Please restate word for word the line holding "#63=FACE_BOUND('',#62,.T.);" and every following line through the end of the entries.
Segment Start: Records provided
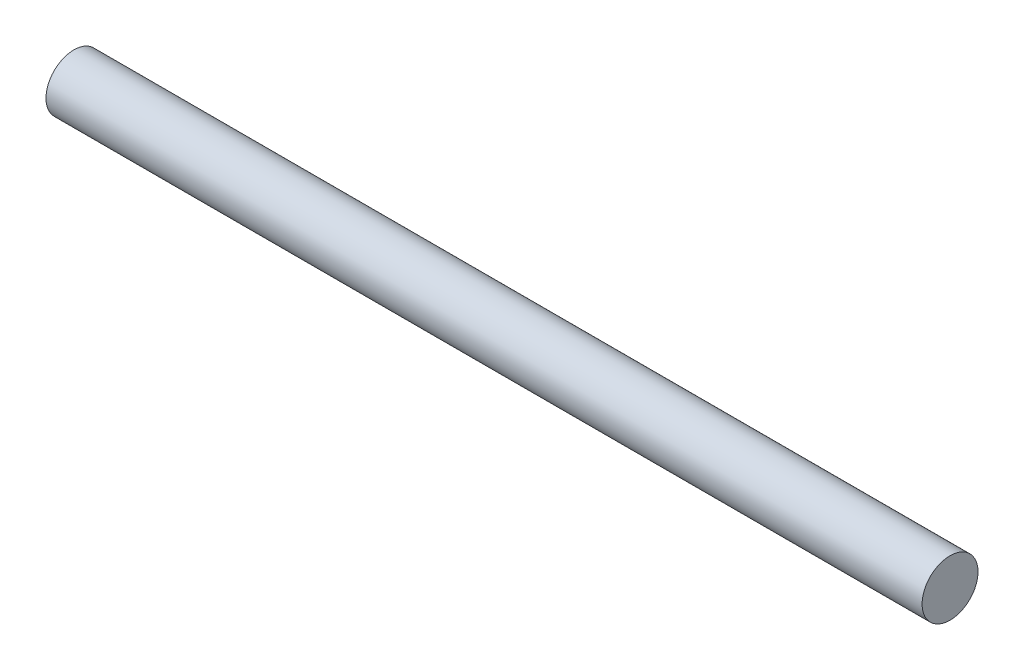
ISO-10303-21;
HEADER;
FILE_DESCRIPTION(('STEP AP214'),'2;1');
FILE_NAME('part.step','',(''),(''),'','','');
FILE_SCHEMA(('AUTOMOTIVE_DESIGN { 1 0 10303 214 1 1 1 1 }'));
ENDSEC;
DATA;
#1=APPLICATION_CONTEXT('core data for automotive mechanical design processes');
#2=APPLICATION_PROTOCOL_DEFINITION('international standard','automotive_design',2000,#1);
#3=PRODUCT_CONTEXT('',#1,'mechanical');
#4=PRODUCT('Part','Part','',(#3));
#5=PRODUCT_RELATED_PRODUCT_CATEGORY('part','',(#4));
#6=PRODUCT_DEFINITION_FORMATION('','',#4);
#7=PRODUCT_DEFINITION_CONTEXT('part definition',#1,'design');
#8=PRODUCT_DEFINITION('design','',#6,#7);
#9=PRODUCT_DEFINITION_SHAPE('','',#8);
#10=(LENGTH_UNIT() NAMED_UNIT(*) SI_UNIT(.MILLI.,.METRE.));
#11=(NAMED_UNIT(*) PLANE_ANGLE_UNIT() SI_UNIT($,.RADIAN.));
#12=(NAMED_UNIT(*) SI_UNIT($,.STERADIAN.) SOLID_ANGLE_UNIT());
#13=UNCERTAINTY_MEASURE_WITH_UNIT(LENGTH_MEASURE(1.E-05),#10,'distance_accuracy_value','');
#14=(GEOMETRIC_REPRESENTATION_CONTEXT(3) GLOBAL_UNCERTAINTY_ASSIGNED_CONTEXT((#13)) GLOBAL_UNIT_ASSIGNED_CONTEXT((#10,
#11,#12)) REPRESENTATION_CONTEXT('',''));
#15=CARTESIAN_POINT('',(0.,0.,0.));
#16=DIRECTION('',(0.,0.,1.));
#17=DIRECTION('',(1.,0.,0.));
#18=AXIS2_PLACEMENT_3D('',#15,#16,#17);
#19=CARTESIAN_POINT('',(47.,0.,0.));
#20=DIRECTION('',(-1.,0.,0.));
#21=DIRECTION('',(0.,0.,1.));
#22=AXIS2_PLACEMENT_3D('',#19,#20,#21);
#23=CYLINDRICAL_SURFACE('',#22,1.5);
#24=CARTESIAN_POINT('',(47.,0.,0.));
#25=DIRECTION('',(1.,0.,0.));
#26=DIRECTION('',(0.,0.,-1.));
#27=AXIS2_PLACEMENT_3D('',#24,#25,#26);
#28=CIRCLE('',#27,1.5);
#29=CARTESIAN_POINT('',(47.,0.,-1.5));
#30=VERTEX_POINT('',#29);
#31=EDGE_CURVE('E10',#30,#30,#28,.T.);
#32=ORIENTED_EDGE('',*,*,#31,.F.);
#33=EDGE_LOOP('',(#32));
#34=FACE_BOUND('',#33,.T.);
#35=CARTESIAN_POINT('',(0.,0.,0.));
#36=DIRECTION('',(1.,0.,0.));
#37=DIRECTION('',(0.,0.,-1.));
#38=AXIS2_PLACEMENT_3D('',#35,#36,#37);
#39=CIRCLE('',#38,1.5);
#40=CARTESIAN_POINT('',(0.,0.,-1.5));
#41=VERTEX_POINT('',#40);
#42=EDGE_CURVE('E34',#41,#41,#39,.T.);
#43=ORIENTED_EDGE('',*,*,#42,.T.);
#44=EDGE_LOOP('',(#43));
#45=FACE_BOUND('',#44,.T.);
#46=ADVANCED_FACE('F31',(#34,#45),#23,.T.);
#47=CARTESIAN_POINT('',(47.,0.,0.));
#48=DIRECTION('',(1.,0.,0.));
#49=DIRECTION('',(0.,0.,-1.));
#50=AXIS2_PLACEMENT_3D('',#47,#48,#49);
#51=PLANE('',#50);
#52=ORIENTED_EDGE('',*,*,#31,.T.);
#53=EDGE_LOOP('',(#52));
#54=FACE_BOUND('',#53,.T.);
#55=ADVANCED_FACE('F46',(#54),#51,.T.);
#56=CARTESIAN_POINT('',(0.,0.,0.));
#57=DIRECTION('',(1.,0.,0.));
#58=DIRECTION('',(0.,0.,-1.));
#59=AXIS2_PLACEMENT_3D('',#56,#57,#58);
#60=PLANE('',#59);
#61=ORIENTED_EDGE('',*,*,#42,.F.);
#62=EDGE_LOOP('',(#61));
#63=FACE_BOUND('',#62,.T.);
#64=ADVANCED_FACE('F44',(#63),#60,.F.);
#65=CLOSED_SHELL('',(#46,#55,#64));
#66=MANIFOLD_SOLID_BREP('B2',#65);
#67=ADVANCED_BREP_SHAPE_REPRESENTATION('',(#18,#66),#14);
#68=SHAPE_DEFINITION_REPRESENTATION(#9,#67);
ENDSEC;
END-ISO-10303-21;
Segment End: Records provided
| Answer for the task |
#63=FACE_BOUND('',#62,.T.);
#64=ADVANCED_FACE('F44',(#63),#60,.F.);
#65=CLOSED_SHELL('',(#46,#55,#64));
#66=MANIFOLD_SOLID_BREP('B2',#65);
#67=ADVANCED_BREP_SHAPE_REPRESENTATION('',(#18,#66),#14);
#68=SHAPE_DEFINITION_REPRESENTATION(#9,#67);
ENDSEC;
END-ISO-10303-21;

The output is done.